• Required work: Find each line below where the word "attachments" occurs, and copy it.

#### Records shown ####

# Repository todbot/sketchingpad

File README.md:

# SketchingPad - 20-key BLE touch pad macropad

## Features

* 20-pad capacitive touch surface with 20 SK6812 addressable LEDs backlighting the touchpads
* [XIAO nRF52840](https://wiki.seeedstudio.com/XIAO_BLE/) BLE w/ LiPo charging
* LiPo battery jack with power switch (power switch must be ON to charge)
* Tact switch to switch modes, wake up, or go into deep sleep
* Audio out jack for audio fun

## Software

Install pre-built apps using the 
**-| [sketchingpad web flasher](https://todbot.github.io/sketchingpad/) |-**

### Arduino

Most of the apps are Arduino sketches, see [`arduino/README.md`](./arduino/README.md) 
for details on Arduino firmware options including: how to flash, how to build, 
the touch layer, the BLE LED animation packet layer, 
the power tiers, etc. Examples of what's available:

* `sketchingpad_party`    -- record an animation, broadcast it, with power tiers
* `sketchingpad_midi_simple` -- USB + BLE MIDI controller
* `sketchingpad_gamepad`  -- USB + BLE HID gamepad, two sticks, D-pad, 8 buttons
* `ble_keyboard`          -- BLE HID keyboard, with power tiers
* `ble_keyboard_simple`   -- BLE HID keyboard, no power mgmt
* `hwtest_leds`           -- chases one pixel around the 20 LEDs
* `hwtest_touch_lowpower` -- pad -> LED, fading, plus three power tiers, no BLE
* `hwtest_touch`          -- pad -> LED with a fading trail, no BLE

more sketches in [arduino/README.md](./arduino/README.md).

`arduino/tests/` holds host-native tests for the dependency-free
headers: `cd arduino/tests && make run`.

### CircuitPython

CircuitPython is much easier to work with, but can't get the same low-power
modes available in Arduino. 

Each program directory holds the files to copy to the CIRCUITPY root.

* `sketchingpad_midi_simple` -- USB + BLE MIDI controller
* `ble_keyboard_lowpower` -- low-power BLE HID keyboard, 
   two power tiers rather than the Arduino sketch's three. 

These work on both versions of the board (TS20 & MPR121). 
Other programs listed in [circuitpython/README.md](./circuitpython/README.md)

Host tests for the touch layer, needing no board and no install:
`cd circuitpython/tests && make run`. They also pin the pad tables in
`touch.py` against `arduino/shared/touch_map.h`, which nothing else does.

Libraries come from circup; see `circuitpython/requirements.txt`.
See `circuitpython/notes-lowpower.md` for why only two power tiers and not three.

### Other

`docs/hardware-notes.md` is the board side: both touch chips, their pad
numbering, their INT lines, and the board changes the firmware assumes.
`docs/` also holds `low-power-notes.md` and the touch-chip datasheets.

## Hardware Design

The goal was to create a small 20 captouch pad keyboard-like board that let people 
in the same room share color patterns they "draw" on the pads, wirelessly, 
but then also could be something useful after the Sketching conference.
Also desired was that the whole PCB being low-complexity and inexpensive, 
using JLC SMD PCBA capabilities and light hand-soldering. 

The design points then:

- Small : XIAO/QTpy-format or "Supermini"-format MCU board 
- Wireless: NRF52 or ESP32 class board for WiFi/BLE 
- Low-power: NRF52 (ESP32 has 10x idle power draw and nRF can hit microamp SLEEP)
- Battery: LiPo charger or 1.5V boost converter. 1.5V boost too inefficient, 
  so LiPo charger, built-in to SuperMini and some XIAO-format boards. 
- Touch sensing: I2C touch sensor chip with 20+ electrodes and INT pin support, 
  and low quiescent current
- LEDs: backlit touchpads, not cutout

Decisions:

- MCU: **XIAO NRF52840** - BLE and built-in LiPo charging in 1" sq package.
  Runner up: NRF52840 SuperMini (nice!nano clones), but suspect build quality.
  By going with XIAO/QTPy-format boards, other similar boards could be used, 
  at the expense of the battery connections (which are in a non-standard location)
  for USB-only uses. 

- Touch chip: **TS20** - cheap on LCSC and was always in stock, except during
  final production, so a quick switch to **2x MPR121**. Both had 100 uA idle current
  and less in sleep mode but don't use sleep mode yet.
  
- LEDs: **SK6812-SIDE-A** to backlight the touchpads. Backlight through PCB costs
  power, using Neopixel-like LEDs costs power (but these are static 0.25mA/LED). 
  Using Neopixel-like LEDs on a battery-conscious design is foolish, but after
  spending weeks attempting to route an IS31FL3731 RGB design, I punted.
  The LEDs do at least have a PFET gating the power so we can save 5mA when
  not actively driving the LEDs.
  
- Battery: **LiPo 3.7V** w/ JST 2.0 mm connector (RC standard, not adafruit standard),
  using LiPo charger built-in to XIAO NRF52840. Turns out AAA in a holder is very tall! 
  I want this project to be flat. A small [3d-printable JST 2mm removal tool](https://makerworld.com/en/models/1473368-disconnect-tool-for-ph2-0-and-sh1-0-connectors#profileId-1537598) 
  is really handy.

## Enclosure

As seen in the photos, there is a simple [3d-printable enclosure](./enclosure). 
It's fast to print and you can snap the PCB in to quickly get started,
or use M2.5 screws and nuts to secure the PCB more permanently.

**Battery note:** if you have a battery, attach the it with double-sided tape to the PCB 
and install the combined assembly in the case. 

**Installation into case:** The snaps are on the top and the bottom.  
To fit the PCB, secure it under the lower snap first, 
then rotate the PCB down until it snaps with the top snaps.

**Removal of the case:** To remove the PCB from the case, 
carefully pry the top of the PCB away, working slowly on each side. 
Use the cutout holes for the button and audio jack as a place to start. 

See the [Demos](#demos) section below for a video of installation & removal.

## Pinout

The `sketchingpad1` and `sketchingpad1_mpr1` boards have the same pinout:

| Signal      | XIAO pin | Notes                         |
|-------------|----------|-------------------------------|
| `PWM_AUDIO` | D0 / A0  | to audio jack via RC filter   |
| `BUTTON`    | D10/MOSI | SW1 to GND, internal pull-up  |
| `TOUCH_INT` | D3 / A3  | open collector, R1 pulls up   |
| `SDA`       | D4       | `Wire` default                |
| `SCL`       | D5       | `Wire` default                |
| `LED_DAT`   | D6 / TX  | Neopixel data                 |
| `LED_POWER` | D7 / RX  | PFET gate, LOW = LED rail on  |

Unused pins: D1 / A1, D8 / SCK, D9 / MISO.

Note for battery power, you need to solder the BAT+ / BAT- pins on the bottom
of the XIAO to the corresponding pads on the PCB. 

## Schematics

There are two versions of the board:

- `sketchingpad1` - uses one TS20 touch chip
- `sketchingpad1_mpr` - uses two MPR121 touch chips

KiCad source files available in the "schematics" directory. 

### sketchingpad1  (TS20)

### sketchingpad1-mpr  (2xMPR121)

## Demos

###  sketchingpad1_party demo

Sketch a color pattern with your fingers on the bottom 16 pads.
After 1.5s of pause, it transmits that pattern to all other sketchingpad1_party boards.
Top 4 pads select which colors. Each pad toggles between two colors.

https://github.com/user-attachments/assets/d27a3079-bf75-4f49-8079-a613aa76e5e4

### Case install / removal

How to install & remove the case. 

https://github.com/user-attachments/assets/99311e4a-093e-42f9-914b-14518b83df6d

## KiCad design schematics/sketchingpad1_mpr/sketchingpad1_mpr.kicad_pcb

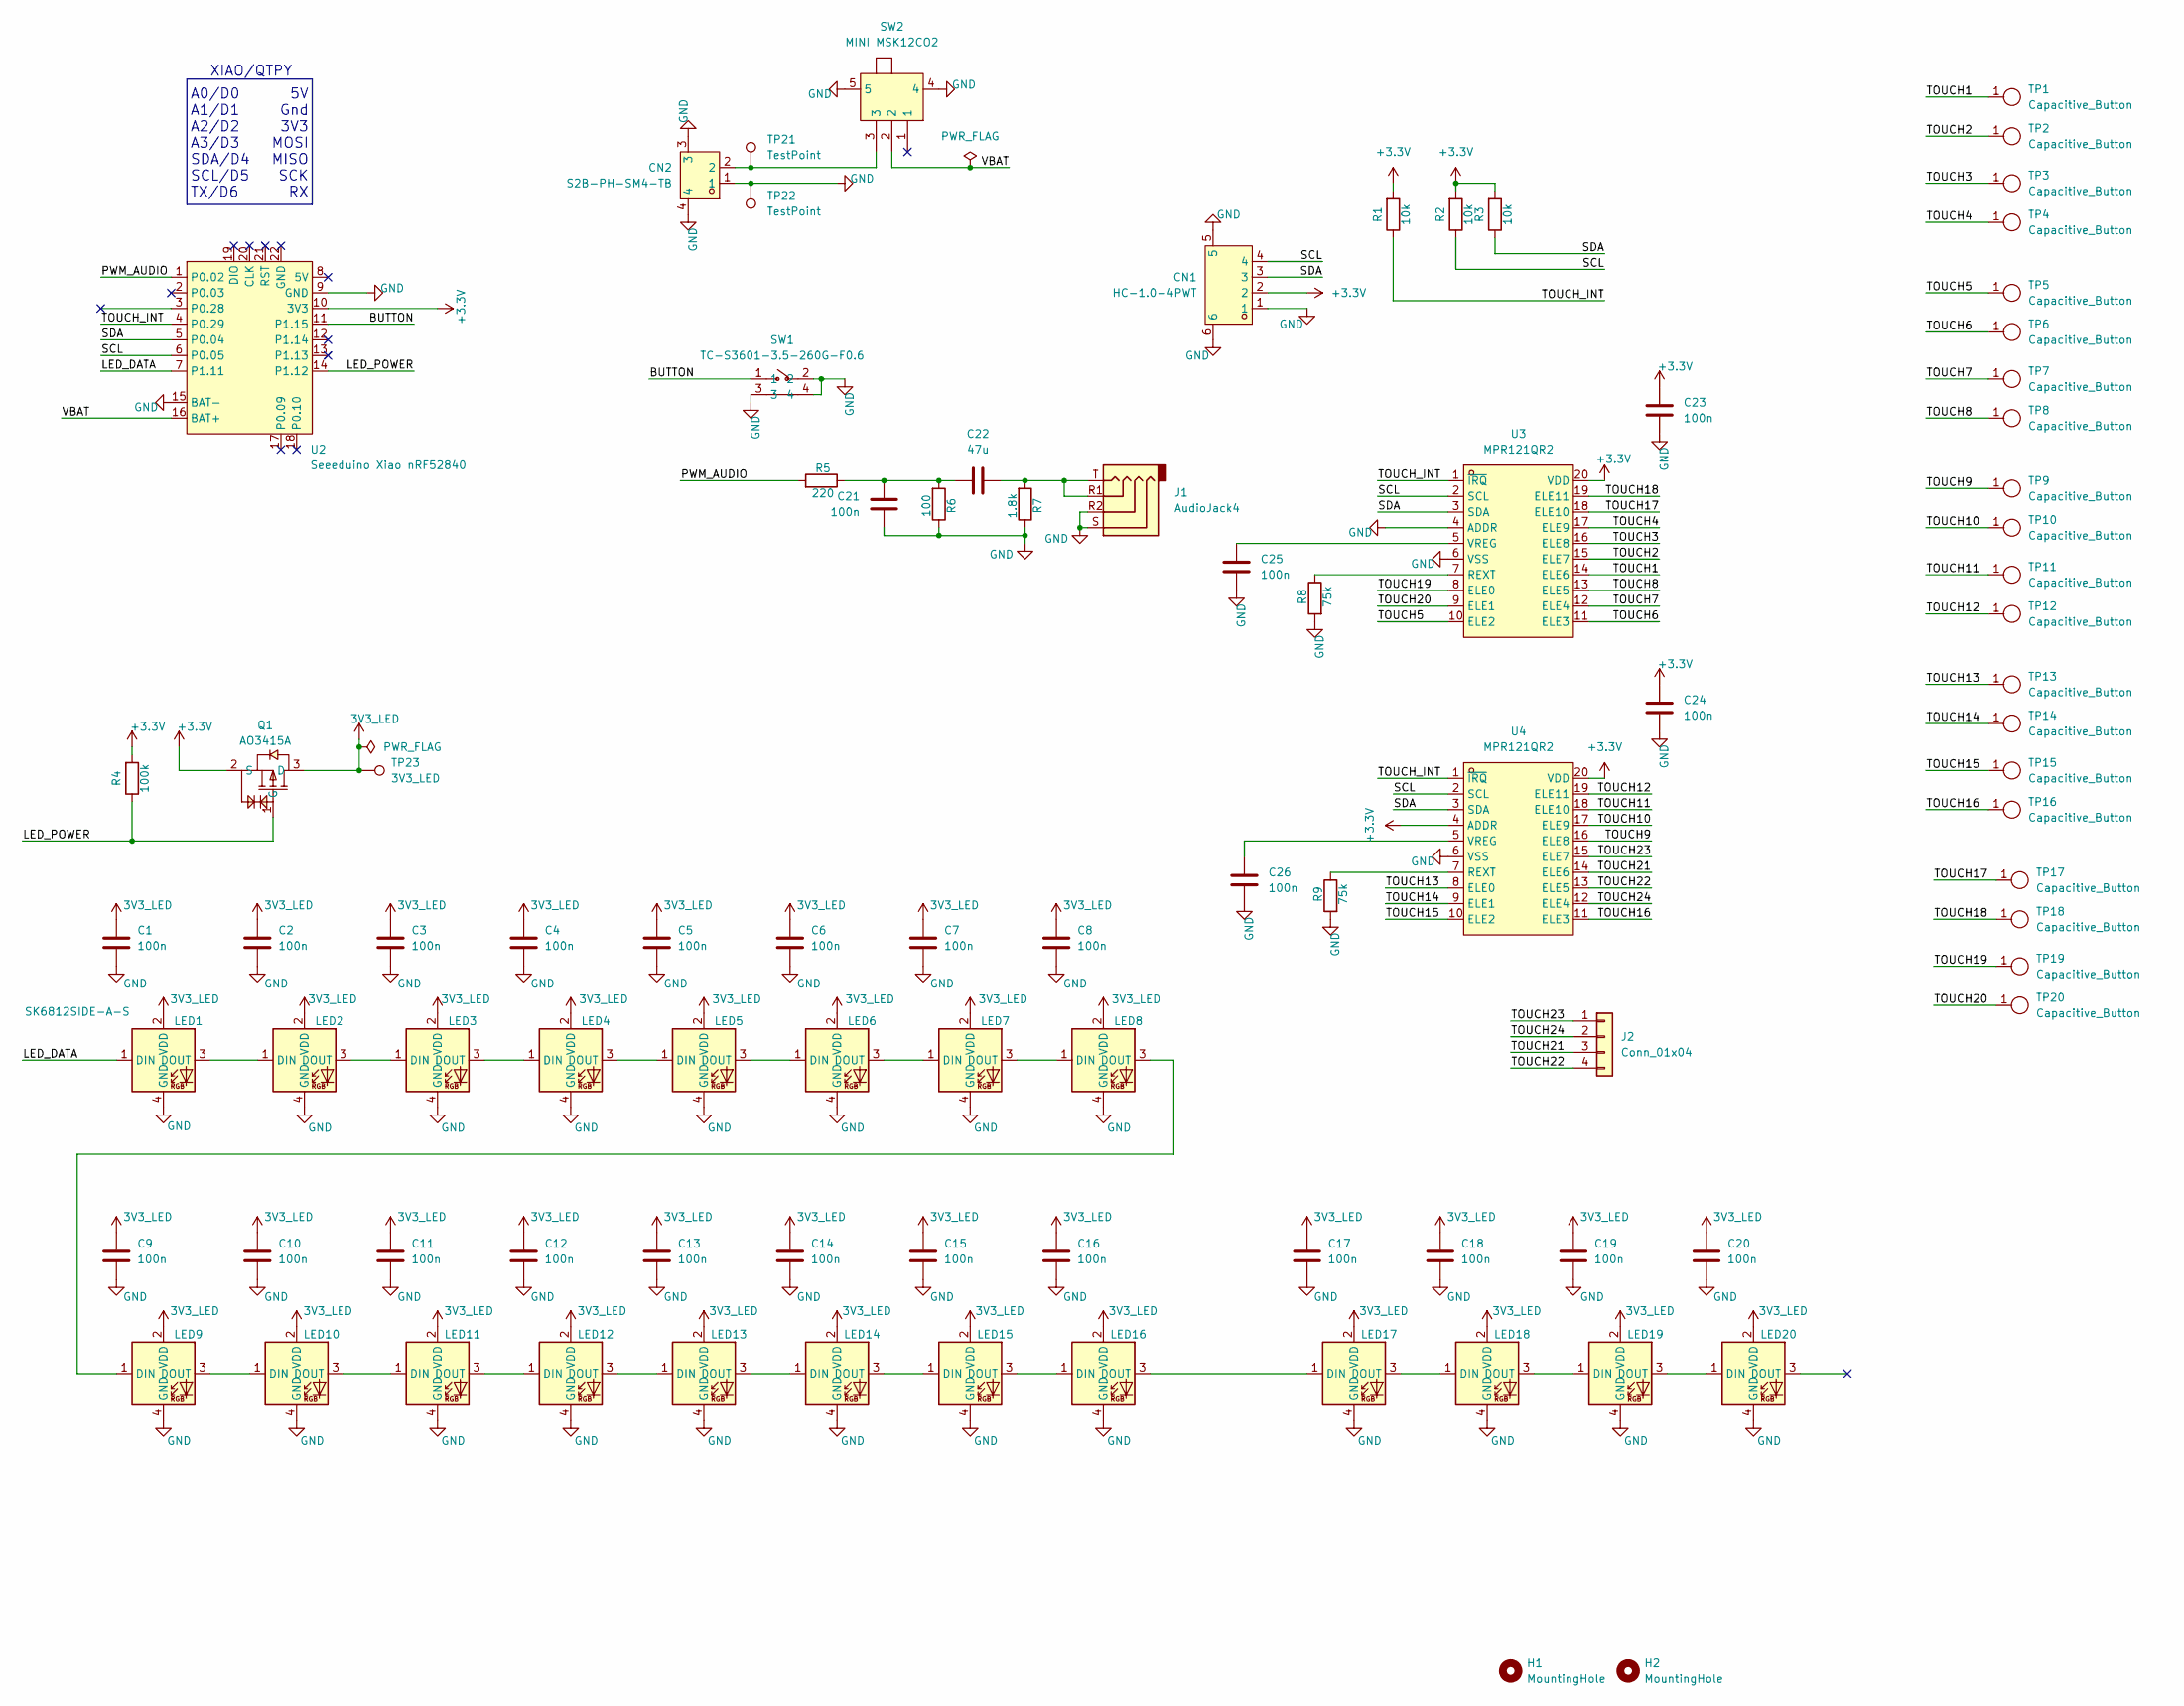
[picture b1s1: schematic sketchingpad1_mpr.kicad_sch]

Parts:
C1, C2, C3, C4, C5, C6, C7, C8, C9, C10, C11, C12, C13, C14, C15, C16, C17, C18, C19, C20, C21, C23, C24, C25, C26: 100n; C_0603_1608Metric
C22: 47u; C_0603_1608Metric
CN1: HC-1.0-4PWT; CONN-SMD_4P-P1.00_HCTL_HC-1.0-4PWT; MPN HC-1.0-4PWT; LCSC Part C2845363
CN2: S2B-PH-SM4-TB; CONN-SMD_P2.00_S2B-PH-SM4-TB-LF-SN; MPN S2B-PH-SM4-TB(LF)(SN); LCSC Part C295747
H1, H2: MountingHole; MountingHole_3mm
J1: AudioJack4; Jack_3.5mm_PJ320D_Horizontal; LCSC Part C431535
J2: Conn_01x04; PinHeader_2x02_P1.27mm_Vertical
LED1, LED2, LED3, LED4, LED5, LED6, LED7, LED8, LED9, LED10, LED11, LED12, LED13, LED14, LED15, LED16, LED17, LED18, LED19, LED20: SK6812SIDE-A-S; LED-SMD_4P-L4.0-W1.6-L-todedits; MPN SK6812SIDE-A-S; LCSC Part C5378737
Q1: AO3415A; SOT-23-3_L2.9-W1.6-P1.90-LS2.8-BR; MPN AO3415A; LCSC Part C133233
R1, R2, R3: 10k; R_0603_1608Metric
R4: 100k; R_0603_1608Metric
R5: 220; R_0603_1608Metric
R6: 100; R_0603_1608Metric
R7: 1.8k; R_0603_1608Metric
R8, R9: 75k; R_0603_1608Metric
SW1: TC-S3601-3.5-260G-F0.6; SW-SMD_TC-S3601-3.5-260G-F0.6; MPN TC-S3601-3.5-260G-F0.6; LCSC Part C49101620
SW2: MINI MSK12CO2; SW-SMD_MSK12CO2; LCSC Part C2681570
TP1, TP2, TP3, TP4, TP5, TP6, TP7, TP8, TP9, TP10, TP11, TP12, TP13, TP14, TP15, TP16, TP17, TP18, TP19, TP20: Capacitive_Button; Pad-Captouch-0.5in-backlitB
TP21, TP22: TestPoint; TestPoint_Pad_D1.5mm
TP23: 3V3_LED; TestPoint_Pad_D1.5mm
U2: Seeeduino Xiao nRF52840; Xiao_nRF52840_ACH-todedit
U3, U4: MPR121QR2; QFN-20_L3.0-W3.0-P0.40-BL; LCSC Part C91322

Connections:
3V3_LED: C1.1, C2.1, C3.1, C4.1, C5.1, C6.1, C7.1, C8.1, C9.1, C10.1, C11.1, C12.1, C13.1, C14.1, C15.1, C16.1, C17.1, C18.1, C19.1, C20.1, LED1.2 (VDD), LED2.2 (VDD), LED3.2 (VDD), LED4.2 (VDD), LED5.2 (VDD), LED6.2 (VDD), LED7.2 (VDD), LED8.2 (VDD), LED9.2 (VDD), LED10.2 (VDD), LED11.2 (VDD), LED12.2 (VDD), LED13.2 (VDD), LED14.2 (VDD), LED15.2 (VDD), LED16.2 (VDD), LED17.2 (VDD), LED18.2 (VDD), LED19.2 (VDD), LED20.2 (VDD), Q1.3 (D), TP23.1 (1_1)
+3.3V: C23.1, C24.1, CN1.2, Q1.2 (S), R1.2, R2.2, R3.2, R4.2, U2.10 (3V3), U3.20 (VDD), U4.4 (ADDR), U4.20 (VDD)
/BUTTON: SW1.1, U2.11 (P1.15)
/LED_DATA: LED1.1 (DIN), U2.7 (P1.11)
/LED_POWER: Q1.1 (G), R4.1, U2.14 (P1.12)
/PWM_AUDIO: R5.2, U2.1 (P0.02)
/SCL: CN1.4, R2.1, U2.6 (P0.05), U3.2 (SCL), U4.2 (SCL)
/SDA: CN1.3, R3.1, U2.5 (P0.04), U3.3 (SDA), U4.3 (SDA)
/TOUCH1: TP1.1 (A_1), U3.14 (ELE6)
/TOUCH2: TP2.1 (A_1), U3.15 (ELE7)
/TOUCH3: TP3.1 (A_1), U3.16 (ELE8)
/TOUCH4: TP4.1 (A_1), U3.17 (ELE9)
/TOUCH5: TP5.1 (A_1), U3.10 (ELE2)
/TOUCH6: TP6.1 (A_1), U3.11 (ELE3)
/TOUCH7: TP7.1 (A_1), U3.12 (ELE4)
/TOUCH8: TP8.1 (A_1), U3.13 (ELE5)
/TOUCH9: TP9.1 (A_1), U4.16 (ELE8)
/TOUCH10: TP10.1 (A_1), U4.17 (ELE9)
/TOUCH11: TP11.1 (A_1), U4.18 (ELE10)
/TOUCH12: TP12.1 (A_1), U4.19 (ELE11)
/TOUCH13: TP13.1 (A_1), U4.8 (ELE0)
/TOUCH14: TP14.1 (A_1), U4.9 (ELE1)
/TOUCH15: TP15.1 (A_1), U4.10 (ELE2)
/TOUCH16: TP16.1 (A_1), U4.11 (ELE3)
/TOUCH17: TP17.1 (A_1), U3.18 (ELE10)
/TOUCH18: TP18.1 (A_1), U3.19 (ELE11)
/TOUCH19: TP19.1 (A_1), U3.8 (ELE0)
/TOUCH20: TP20.1 (A_1), U3.9 (ELE1)
/TOUCH21: J2.3, U4.14 (ELE6)
/TOUCH22: J2.4, U4.13 (ELE5)
/TOUCH23: J2.1, U4.15 (ELE7)
/TOUCH24: J2.2, U4.12 (ELE4)
/TOUCH_INT: R1.1, U2.4 (P0.29), U3.1 (~IRQ), U4.1 (~IRQ)
/VBAT: SW2.2, U2.16 (BAT+)
GND: C1.2, C2.2, C3.2, C4.2, C5.2, C6.2, C7.2, C8.2, C9.2, C10.2, C11.2, C12.2, C13.2, C14.2, C15.2, C16.2, C17.2, C18.2, C19.2, C20.2, C21.2, C23.2, C24.2, C25.2, C26.2, CN1.1, CN1.5, CN1.6, CN2.1, CN2.3, CN2.4, J1.R2, J1.S, LED1.4 (GND), LED2.4 (GND), LED3.4 (GND), LED4.4 (GND), LED5.4 (GND), LED6.4 (GND), LED7.4 (GND), LED8.4 (GND), LED9.4 (GND), LED10.4 (GND), LED11.4 (GND), LED12.4 (GND), LED13.4 (GND), LED14.4 (GND), LED15.4 (GND), LED16.4 (GND), LED17.4 (GND), LED18.4 (GND), LED19.4 (GND), LED20.4 (GND), R6.1, R7.1, R8.2, R9.2, SW1.2, SW1.3, SW1.4, SW2.4, SW2.5, TP22.1 (1_1), U2.9 (GND), U2.15 (BAT-), U3.4 (ADDR), U3.6 (VSS), U4.6 (VSS)
unnamed: C21.1, C22.2, R5.1, R6.2
unnamed: C22.1, J1.R1, J1.T, R7.2
unnamed: CN2.2, SW2.3, TP21.1 (1_1)
unnamed: LED1.3 (DOUT), LED2.1 (DIN)
unnamed: LED2.3 (DOUT), LED3.1 (DIN)
unnamed: LED3.3 (DOUT), LED4.1 (DIN)
unnamed: LED4.3 (DOUT), LED5.1 (DIN)
unnamed: LED5.3 (DOUT), LED6.1 (DIN)
unnamed: LED6.3 (DOUT), LED7.1 (DIN)
unnamed: LED7.3 (DOUT), LED8.1 (DIN)
unnamed: LED8.3 (DOUT), LED9.1 (DIN)
unnamed: LED9.3 (DOUT), LED10.1 (DIN)
unnamed: LED10.3 (DOUT), LED11.1 (DIN)
unnamed: LED11.3 (DOUT), LED12.1 (DIN)
unnamed: LED12.3 (DOUT), LED13.1 (DIN)
unnamed: LED13.3 (DOUT), LED14.1 (DIN)
unnamed: LED14.3 (DOUT), LED15.1 (DIN)
unnamed: LED15.3 (DOUT), LED16.1 (DIN)
unnamed: LED16.3 (DOUT), LED17.1 (DIN)
unnamed: LED17.3 (DOUT), LED18.1 (DIN)
unnamed: LED18.3 (DOUT), LED19.1 (DIN)
unnamed: LED19.3 (DOUT), LED20.1 (DIN)
unnamed: R8.1, U3.7 (REXT)
unnamed: C25.1, U3.5 (VREG)
unnamed: R9.1, U4.7 (REXT)
unnamed: C26.1, U4.5 (VREG)

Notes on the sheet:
A0/D0 A1/D1 A2/D2 A3/D3 SDA/D4 SCL/D5 TX/D6
XIAO/QTPY
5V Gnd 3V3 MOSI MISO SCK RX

####

• Answer:
https://github.com/user-attachments/assets/d27a3079-bf75-4f49-8079-a613aa76e5e4
https://github.com/user-attachments/assets/99311e4a-093e-42f9-914b-14518b83df6d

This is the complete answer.